Patrick M’Boma: lenda camaronesa e 4º maior artilheiro da história da seleção com 33 gols em 55 jogos, M’Boma era o matador dos Leões antes de Samuel Eto’o se transformar no super astro que virou após 2004. Presente nas Copas do Mundo de 1998 e 2002, M’Boma levou sua experiência para os Jogos Olímpicos de 2000 e foi o líder do time campeão olímpico naquele ano histórico. Na final da Copa Africana de 2000, deixou sua marca na decisão, converteu um dos pênaltis diante da Nigéria e foi vice-artilheiro com 4 gols. E, em 2002, foi o artilheiro da competição na campanha do bicampeonato com 3 gols. 

N’Diefi: o pequenino atacante – tinha apenas 1,63m de altura – marcou época jogando pelo Sedan, da França, e foi reserva da dupla M’Boma e Eto’o no período. Rápido e muito oportunista, conseguiu jogar em 34 oportunidades entre 2000 e 2005 e marcou quatro gols. Integrou o elenco campeão africano de 2000 e 2002 e também disputou a Copa do Mundo de 2002.

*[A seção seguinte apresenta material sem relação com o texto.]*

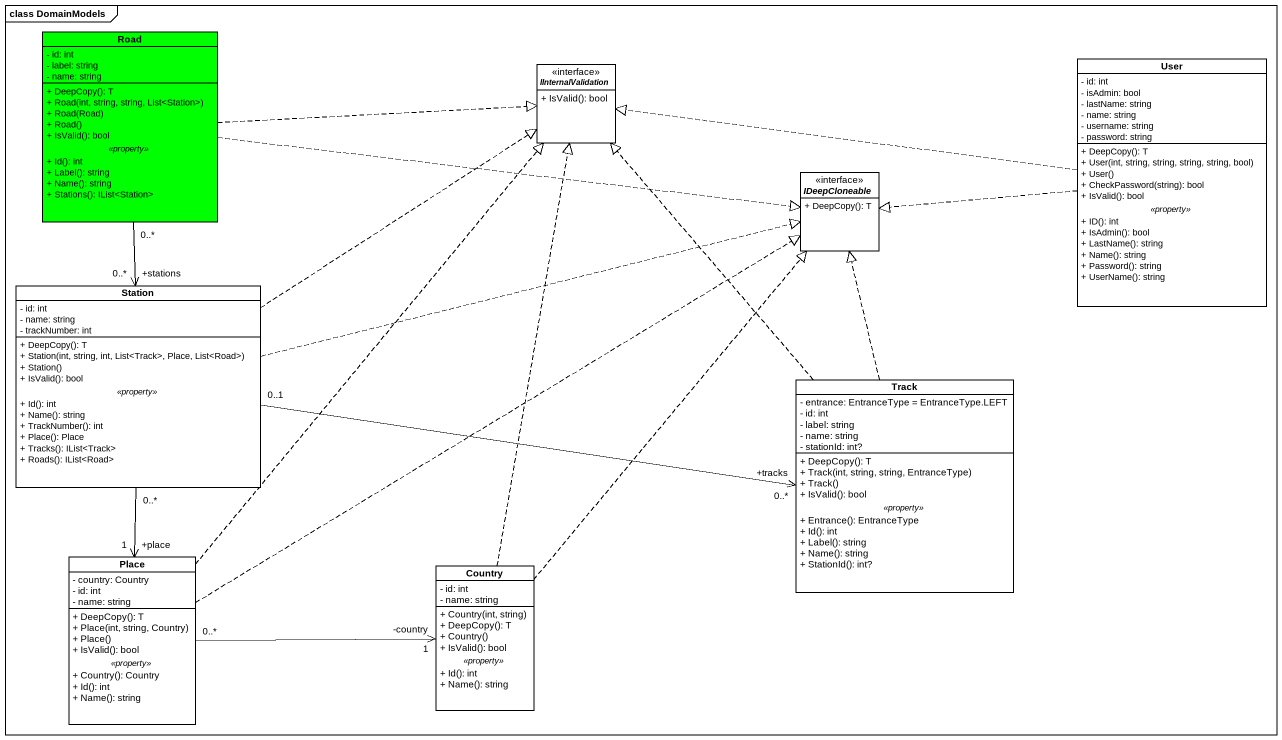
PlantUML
@startuml
mainframe class DomainModels
hide circle
hide empty members
skinparam classAttributeIconSize 0
class Road #00FF00 {
  - id: int
  - label: string
  - name: string
  --
  + DeepCopy(): T
  + Road(int, string, string, List<Station>)
  + Road(Road)
  + Road()
  + IsValid(): bool
  .. <<property>> ..
  + Id(): int
  + Label(): string
  + Name(): string
  + Stations(): IList<Station>
}
interface IInternalValidation {
  + IsValid(): bool
}
class User {
  - id: int
  - isAdmin: bool
  - lastName: string
  - name: string
  - username: string
  - password: string
  --
  + DeepCopy(): T
  + User(int, string, string, string, string, bool)
  + User()
  + CheckPassword(string): bool
  + IsValid(): bool
  .. <<property>> ..
  + ID(): int
  + IsAdmin(): bool
  + LastName(): string
  + Name(): string
  + Password(): string
  + UserName(): string
}
interface IDeepCloneable {
  + DeepCopy(): T
}
class Station {
  - id: int
  - name: string
  - trackNumber: int
  --
  + DeepCopy(): T
  + Station(int, string, int, List<Track>, Place, List<Road>)
  + Station()
  + IsValid(): bool
  .. <<property>> ..
  + Id(): int
  + Name(): string
  + TrackNumber(): int
  + Place(): Place
  + Tracks(): IList<Track>
  + Roads(): IList<Road>
}
class Track {
  - entrance: EntranceType = EntranceType.LEFT
  - id: int
  - label: string
  - name: string
  - stationId: int?
  --
  + DeepCopy(): T
  + Track(int, string, string, EntranceType)
  + Track()
  + IsValid(): bool
  .. <<property>> ..
  + Entrance(): EntranceType
  + Id(): int
  + Label(): string
  + Name(): string
  + StationId(): int?
}
class Place {
  - country: Country
  - id: int
  - name: string
  --
  + DeepCopy(): T
  + Place(int, string, Country)
  + Place()
  + IsValid(): bool
  .. <<property>> ..
  + Country(): Country
  + Id(): int
  + Name(): string
}
class Country {
  - id: int
  - name: string
  --
  + Country(int, string)
  + DeepCopy(): T
  + Country()
  + IsValid(): bool
  .. <<property>> ..
  + Id(): int
  + Name(): string
}
Road .right.|> IInternalValidation
Road .right.|> IDeepCloneable
Road "0..*" --> "+stations\n0..*" Station
User .left.|> IInternalValidation
User .left.|> IDeepCloneable
Station .up.|> IInternalValidation
Station .right.|> IDeepCloneable
Station "0..1" -right-> "+tracks\n0..*" Track
Station "0..*" --> "+place\n1" Place
Track .up.|> IInternalValidation
Track .up.|> IDeepCloneable
Place .up.|> IInternalValidation
Place .up.|> IDeepCloneable
Place "0..*" -right-> "-country\n1" Country
Country .up.|> IInternalValidation
Country .up.|> IDeepCloneable
@enduml

Samuel Eto’o: após a lenda de Roger Milla nos anos 1980 e 1990, Samuel Eto’o se transformou no maior símbolo do país nos anos 2000 e 2010. Ano a ano, o craque foi crescendo de produção e alcançou a marca de maior artilheiro da história da seleção com 56 gols em 118 jogos, além de marcar presença nas conquistas continentais de 2000 e 2002 e do Ouro Olímpico de 2000. Em clubes, seu nome ficou marcado para sempre no Barcelona, onde foi um artilheiro implacável e fez uma parceria devastadora com Ronaldinho Gaúcho. Depois, foi lenda também na Internazionale campeã do mundo e da Europa em 2010 e se tornou um dos atacantes mais decisivos do século XXI. Leia muito mais sobre ele clicando aqui!

Pierre Lechantre, Jean-Paul Akono e Winfried Schäfer (Técnicos): Lechantre foi o técnico que recolocou Camarões de volta aos holofotes e faturou a Copa Africana de 2000 em plena Nigéria e contra a dona da casa em uma final eletrizante. Apostando bastante nos jovens e no equilíbrio defensivo, mudou o estilo de jogar de Camarões e deu mais confiança ao time e elenco. Nas Olimpíadas, foi Akono o responsável por manter a competitividade e dar o Ouro inédito ao país, desbancando adversários poderosos e jogos muito tensos. Com Schäfer, Camarões ficou mais burocrático e menos goleador, mas não perdeu a intensidade e faturou uma Copa Africana sem levar um gol sequer. Schäfer só falhou na disputa da Copa de 2002, quando Camarões desapontou bastante ao cair logo na fase de grupos.